- WHAT YOU WILL DO: Of the lines below, write out exactly those from the line with "lines of L2 L5" through the line with "(part 5 of 5)", both included, and skip the rest.
━━━ EXTRACTED RECORDS
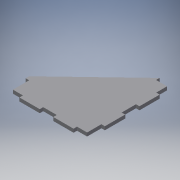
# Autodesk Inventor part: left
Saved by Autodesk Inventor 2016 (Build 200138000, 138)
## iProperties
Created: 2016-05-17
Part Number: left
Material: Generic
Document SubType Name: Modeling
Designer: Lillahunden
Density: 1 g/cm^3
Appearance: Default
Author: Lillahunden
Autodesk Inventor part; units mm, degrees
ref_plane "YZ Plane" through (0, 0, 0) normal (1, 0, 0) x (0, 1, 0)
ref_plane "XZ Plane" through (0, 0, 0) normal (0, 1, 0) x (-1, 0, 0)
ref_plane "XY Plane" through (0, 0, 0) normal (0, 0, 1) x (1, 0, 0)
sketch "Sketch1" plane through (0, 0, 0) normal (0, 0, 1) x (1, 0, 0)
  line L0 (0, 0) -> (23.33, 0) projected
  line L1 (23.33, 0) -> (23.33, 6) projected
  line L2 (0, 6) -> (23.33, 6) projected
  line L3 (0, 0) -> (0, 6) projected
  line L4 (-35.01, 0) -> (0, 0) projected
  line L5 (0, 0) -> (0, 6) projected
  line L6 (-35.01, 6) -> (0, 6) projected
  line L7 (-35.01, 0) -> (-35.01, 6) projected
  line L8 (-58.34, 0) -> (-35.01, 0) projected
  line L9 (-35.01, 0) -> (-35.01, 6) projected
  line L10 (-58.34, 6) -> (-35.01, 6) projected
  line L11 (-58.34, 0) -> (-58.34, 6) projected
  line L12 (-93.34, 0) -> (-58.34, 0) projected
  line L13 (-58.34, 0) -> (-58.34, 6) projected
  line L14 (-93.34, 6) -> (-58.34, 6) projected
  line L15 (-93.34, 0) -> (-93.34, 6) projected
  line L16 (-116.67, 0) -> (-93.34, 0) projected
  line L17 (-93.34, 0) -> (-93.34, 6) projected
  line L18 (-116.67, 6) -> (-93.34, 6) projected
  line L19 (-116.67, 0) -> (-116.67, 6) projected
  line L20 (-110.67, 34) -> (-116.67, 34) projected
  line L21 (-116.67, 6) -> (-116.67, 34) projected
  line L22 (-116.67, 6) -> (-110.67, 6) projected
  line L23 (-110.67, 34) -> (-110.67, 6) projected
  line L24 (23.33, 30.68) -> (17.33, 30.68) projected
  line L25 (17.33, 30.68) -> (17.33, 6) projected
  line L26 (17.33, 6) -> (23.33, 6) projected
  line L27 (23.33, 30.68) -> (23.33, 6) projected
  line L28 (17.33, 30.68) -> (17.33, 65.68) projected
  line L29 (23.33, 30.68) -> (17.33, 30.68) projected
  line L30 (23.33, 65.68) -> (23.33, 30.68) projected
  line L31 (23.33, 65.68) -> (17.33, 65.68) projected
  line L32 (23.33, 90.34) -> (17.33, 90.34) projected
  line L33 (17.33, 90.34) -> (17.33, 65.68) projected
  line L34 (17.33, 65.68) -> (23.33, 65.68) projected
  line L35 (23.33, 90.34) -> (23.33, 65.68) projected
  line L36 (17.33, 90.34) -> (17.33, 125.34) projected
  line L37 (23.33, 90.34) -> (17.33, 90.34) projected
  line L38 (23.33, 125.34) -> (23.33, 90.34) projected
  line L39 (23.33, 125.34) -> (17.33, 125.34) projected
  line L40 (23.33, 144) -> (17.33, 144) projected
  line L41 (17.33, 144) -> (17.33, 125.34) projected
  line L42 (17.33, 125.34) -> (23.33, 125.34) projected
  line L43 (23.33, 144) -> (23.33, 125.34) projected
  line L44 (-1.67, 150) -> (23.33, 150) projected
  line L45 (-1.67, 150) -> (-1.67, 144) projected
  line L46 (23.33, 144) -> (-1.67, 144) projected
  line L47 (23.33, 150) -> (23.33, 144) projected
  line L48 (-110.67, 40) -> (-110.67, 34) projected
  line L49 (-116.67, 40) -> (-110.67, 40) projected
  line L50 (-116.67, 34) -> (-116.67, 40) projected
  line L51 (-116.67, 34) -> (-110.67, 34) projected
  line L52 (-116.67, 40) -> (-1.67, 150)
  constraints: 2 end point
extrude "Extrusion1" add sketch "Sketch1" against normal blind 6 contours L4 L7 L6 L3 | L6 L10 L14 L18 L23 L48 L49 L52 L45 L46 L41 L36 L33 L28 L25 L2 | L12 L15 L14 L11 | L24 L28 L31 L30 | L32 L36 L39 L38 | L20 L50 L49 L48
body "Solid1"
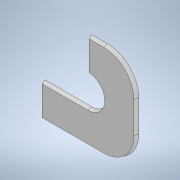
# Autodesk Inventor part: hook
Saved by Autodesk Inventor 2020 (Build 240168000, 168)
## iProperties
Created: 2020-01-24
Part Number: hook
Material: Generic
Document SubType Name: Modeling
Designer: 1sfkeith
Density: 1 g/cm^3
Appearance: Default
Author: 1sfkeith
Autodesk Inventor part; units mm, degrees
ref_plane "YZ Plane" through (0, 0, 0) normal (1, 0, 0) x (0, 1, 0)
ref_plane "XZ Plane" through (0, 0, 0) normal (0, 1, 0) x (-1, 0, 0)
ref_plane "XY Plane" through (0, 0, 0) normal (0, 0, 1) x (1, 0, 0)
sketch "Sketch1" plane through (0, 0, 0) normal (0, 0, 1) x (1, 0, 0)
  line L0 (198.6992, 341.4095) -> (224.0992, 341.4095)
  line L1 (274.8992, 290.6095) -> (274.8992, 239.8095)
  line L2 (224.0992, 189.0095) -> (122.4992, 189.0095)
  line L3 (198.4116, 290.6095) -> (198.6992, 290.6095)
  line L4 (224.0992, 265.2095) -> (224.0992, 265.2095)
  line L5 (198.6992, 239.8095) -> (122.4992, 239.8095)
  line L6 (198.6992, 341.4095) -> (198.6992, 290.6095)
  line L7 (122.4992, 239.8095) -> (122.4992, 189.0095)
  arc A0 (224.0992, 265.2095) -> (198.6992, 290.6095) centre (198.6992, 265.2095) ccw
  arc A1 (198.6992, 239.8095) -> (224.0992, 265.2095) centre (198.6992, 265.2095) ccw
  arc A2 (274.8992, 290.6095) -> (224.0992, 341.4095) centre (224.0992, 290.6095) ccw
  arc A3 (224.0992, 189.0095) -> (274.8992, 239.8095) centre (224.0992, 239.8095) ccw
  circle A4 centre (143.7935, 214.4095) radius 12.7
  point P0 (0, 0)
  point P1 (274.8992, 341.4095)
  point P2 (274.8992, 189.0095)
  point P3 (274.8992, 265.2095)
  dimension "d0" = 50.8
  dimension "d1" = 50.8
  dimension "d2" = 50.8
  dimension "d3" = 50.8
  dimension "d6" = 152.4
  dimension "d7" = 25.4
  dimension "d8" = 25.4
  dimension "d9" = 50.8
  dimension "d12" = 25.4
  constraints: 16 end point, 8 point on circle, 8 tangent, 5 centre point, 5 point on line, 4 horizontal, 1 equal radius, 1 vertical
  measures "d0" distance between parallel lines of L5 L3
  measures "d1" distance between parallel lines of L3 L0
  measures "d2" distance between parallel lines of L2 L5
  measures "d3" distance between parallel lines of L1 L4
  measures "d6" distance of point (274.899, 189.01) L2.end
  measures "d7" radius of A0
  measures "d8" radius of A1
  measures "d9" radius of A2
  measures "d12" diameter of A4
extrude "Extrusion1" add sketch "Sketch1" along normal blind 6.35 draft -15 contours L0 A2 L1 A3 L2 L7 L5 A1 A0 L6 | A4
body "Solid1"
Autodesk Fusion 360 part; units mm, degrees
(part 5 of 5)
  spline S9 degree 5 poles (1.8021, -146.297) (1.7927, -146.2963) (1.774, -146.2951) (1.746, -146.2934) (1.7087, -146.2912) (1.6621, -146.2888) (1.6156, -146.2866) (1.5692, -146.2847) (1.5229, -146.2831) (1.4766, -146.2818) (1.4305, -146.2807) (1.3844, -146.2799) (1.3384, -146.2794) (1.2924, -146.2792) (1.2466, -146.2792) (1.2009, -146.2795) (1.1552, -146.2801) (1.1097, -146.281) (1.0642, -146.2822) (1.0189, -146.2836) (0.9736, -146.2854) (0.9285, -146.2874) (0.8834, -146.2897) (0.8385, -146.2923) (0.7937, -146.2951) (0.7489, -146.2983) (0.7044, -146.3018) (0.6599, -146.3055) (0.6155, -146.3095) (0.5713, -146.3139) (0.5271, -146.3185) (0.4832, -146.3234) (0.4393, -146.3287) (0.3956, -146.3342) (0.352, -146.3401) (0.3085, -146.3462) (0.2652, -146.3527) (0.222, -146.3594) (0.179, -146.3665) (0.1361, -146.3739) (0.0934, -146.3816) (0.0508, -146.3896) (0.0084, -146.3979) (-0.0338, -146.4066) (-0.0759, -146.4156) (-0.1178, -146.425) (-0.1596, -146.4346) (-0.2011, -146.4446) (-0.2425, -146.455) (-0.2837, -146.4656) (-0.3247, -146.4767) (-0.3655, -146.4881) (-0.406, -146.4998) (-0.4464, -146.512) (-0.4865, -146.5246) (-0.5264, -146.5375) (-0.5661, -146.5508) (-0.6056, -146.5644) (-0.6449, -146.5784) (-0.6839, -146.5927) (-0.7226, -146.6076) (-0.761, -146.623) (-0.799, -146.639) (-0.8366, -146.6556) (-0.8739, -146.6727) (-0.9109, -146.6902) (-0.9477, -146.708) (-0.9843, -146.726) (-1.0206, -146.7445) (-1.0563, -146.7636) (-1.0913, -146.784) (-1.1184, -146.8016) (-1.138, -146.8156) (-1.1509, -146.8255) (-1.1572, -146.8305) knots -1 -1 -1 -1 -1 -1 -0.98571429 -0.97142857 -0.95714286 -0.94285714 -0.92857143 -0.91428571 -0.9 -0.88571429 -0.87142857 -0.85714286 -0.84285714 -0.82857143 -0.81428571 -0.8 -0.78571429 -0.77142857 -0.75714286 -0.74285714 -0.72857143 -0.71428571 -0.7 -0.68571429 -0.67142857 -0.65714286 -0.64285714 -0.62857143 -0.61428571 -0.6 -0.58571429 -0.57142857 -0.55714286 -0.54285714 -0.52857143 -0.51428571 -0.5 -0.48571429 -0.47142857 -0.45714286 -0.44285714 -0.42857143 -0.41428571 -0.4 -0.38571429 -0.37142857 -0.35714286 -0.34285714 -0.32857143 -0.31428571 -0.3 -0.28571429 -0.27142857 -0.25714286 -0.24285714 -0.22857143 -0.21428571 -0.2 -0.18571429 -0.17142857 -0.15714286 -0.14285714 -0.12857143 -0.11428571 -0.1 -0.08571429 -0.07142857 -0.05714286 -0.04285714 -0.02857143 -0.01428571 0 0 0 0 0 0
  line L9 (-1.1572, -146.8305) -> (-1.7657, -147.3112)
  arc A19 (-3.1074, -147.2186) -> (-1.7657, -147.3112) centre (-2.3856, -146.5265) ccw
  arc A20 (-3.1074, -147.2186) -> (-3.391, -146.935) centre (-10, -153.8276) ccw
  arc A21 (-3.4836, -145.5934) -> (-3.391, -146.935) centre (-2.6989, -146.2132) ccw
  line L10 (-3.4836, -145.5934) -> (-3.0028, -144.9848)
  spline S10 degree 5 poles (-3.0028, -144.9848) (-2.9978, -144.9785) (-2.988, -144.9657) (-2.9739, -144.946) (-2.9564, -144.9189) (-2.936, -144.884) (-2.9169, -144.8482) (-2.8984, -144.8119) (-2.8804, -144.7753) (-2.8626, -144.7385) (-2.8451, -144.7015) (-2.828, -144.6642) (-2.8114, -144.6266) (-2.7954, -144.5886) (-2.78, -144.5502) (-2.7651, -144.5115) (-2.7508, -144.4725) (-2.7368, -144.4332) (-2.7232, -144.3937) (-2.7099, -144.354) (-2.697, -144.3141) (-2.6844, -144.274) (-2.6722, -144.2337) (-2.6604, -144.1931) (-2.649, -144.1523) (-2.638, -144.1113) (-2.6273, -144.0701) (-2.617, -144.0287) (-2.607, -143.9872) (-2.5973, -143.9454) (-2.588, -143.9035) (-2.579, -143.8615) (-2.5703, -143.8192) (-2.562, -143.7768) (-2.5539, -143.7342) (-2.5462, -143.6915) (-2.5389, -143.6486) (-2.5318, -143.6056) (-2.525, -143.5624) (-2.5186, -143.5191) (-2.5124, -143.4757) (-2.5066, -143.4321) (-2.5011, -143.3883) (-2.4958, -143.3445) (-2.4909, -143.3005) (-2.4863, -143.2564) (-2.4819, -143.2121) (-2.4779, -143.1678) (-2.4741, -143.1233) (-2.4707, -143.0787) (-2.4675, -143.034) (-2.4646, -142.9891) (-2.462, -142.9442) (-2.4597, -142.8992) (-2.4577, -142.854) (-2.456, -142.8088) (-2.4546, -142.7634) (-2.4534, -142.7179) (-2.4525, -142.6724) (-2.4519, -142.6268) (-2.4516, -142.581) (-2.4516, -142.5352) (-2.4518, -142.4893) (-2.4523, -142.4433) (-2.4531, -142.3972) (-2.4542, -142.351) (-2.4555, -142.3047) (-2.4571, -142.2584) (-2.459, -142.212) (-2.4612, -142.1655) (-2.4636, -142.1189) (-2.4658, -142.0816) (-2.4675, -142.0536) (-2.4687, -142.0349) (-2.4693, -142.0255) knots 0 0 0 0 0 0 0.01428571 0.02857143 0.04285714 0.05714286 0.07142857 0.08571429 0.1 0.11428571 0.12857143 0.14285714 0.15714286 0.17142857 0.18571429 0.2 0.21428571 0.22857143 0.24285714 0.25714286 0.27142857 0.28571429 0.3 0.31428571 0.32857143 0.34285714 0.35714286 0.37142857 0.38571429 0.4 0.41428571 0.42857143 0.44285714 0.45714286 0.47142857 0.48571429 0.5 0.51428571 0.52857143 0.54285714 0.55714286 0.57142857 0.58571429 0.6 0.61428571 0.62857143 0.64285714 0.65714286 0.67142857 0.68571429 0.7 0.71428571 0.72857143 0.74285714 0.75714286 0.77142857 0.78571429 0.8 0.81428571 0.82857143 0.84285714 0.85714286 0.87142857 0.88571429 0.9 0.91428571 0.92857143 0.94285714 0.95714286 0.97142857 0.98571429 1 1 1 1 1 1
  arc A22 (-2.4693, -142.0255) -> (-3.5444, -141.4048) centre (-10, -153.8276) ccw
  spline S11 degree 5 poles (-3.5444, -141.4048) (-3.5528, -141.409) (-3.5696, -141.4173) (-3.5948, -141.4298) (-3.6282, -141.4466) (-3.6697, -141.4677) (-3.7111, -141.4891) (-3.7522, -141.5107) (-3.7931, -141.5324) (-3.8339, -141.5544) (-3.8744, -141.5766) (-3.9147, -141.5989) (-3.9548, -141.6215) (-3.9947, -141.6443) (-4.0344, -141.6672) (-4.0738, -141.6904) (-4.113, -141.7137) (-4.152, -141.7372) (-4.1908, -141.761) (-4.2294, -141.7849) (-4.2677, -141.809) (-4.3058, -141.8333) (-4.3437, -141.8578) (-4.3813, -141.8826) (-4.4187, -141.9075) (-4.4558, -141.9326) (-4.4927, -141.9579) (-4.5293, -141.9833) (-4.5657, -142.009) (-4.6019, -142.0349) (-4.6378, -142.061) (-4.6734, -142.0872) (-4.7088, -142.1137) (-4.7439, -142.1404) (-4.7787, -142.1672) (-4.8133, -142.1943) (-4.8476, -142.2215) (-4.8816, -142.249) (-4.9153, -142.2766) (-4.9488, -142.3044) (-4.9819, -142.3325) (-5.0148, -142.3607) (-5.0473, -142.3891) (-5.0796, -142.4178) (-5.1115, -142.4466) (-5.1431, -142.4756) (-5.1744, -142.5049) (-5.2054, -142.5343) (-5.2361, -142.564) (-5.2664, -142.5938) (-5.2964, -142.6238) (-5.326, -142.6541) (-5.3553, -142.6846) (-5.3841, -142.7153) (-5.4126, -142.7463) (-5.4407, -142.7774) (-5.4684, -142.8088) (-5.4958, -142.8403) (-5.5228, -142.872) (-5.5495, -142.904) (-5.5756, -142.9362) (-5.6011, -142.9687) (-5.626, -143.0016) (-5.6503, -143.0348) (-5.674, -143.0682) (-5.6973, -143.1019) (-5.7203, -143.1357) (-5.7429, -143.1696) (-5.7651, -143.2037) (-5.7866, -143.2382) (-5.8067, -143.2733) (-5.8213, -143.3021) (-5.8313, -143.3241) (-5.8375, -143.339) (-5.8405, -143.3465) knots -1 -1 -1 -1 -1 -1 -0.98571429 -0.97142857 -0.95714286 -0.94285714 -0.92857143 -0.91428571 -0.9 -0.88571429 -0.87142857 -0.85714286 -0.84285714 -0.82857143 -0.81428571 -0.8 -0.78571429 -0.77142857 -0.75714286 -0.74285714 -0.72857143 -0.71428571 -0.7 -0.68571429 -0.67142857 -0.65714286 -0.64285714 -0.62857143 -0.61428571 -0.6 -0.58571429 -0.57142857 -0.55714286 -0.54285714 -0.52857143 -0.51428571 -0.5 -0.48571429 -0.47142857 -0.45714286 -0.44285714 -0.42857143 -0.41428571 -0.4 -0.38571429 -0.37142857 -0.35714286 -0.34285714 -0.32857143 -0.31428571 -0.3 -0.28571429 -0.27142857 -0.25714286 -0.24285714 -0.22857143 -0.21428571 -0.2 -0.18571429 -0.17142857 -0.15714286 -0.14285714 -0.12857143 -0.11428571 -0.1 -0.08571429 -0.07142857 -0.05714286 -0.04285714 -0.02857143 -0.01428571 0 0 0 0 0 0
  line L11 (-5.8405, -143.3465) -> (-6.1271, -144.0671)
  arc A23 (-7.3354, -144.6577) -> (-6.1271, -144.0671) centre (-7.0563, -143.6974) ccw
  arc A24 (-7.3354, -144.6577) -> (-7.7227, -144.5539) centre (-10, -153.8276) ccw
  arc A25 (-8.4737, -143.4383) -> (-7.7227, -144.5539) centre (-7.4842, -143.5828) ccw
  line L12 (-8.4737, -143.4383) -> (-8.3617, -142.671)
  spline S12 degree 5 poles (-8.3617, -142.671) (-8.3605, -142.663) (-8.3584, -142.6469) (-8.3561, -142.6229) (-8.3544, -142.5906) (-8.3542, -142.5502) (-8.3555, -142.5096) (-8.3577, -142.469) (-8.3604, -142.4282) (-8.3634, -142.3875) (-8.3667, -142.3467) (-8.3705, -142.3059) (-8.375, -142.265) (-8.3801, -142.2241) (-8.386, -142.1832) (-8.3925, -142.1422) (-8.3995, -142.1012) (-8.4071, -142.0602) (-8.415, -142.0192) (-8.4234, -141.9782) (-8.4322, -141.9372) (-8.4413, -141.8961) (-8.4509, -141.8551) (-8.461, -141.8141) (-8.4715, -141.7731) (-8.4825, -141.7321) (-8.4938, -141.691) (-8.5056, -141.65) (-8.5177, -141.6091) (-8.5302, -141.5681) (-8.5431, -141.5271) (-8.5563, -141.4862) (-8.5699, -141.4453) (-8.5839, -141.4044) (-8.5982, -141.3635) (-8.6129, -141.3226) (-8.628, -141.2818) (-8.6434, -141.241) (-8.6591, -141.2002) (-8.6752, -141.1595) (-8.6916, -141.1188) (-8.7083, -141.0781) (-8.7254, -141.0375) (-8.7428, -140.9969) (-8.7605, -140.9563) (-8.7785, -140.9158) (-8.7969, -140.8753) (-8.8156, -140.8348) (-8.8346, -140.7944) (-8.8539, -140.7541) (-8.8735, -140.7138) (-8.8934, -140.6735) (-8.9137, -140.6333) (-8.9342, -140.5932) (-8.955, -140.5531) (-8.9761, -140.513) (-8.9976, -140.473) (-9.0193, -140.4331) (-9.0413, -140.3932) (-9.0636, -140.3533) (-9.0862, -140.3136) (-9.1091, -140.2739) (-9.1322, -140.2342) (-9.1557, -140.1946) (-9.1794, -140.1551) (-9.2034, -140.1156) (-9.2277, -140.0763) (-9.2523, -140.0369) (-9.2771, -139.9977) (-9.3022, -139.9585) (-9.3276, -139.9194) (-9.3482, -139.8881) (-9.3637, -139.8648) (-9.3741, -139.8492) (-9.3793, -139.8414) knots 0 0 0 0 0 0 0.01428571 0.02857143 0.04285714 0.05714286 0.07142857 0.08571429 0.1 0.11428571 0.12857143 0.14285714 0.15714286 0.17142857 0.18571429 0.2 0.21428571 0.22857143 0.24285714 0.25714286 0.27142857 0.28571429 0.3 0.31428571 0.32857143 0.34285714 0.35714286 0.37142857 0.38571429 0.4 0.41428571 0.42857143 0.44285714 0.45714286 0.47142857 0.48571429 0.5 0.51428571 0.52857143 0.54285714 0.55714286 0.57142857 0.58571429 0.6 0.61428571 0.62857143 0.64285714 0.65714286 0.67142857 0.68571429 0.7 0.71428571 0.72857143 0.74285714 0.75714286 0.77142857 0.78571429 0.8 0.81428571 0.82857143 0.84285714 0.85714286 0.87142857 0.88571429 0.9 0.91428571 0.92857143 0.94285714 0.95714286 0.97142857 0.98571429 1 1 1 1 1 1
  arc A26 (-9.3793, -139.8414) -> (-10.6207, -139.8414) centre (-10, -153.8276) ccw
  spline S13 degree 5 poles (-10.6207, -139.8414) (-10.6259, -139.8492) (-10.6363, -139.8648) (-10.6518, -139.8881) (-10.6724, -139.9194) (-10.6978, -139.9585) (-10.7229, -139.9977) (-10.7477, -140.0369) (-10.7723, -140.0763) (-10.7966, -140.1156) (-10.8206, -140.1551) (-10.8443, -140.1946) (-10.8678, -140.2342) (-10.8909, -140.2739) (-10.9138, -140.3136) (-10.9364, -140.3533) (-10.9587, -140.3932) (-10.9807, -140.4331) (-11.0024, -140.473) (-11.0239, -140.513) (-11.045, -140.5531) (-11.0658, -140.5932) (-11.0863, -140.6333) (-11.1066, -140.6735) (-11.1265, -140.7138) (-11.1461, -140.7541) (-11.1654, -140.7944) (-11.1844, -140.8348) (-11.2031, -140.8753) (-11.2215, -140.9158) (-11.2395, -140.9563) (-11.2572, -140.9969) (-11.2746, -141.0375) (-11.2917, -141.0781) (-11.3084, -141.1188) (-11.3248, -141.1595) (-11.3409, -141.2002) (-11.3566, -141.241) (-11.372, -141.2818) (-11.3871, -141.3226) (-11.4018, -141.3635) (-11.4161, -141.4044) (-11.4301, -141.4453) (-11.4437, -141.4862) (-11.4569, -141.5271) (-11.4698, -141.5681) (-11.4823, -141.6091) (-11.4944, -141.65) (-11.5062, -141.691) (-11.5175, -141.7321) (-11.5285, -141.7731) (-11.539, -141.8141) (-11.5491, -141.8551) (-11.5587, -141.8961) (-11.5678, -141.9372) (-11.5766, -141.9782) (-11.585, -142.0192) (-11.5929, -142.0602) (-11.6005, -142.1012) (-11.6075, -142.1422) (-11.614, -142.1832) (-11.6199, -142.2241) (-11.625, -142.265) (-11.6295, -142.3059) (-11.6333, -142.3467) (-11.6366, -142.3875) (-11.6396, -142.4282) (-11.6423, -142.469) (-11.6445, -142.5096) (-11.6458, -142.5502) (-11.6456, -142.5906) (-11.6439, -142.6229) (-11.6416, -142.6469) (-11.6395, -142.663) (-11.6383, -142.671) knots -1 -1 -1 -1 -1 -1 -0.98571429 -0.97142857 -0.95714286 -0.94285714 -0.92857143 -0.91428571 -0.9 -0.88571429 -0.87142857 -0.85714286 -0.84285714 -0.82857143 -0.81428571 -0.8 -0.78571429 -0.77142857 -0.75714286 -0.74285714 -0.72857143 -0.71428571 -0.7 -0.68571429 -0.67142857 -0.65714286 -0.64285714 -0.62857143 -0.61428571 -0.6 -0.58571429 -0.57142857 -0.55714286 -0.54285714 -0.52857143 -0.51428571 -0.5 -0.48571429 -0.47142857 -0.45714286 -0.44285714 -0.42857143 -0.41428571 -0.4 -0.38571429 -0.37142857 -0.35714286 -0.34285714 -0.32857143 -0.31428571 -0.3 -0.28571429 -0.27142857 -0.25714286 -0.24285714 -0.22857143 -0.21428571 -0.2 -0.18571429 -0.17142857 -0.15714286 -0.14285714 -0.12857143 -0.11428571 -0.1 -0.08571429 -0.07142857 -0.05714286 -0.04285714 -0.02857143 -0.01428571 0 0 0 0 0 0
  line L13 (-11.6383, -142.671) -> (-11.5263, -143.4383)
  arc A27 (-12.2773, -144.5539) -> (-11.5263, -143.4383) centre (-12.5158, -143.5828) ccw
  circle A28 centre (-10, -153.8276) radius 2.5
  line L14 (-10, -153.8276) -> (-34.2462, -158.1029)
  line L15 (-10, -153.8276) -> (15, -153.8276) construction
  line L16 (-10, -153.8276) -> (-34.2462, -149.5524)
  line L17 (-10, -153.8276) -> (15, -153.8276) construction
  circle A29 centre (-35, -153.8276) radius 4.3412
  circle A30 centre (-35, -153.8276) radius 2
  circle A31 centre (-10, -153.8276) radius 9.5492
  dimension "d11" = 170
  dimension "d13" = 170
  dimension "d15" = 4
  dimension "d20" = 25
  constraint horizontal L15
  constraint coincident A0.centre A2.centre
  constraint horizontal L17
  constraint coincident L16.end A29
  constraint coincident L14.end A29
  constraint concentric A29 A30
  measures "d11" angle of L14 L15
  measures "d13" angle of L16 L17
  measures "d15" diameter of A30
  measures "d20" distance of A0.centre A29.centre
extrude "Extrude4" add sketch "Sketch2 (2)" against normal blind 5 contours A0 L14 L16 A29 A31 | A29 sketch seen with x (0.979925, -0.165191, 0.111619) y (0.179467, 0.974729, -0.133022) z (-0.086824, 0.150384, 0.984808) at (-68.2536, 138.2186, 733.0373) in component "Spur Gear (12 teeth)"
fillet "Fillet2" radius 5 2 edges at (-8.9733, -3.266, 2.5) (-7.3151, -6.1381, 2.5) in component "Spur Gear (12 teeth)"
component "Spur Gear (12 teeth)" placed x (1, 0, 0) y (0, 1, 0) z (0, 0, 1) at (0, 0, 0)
━━━━━━
- ANSWER TO THIS TASK:
  measures "d2" distance between parallel lines of L2 L5
  measures "d3" distance between parallel lines of L1 L4
  measures "d6" distance of point (274.899, 189.01) L2.end
  measures "d7" radius of A0
  measures "d8" radius of A1
  measures "d9" radius of A2
  measures "d12" diameter of A4
extrude "Extrusion1" add sketch "Sketch1" along normal blind 6.35 draft -15 contours L0 A2 L1 A3 L2 L7 L5 A1 A0 L6 | A4
body "Solid1"
Autodesk Fusion 360 part; units mm, degrees
(part 5 of 5)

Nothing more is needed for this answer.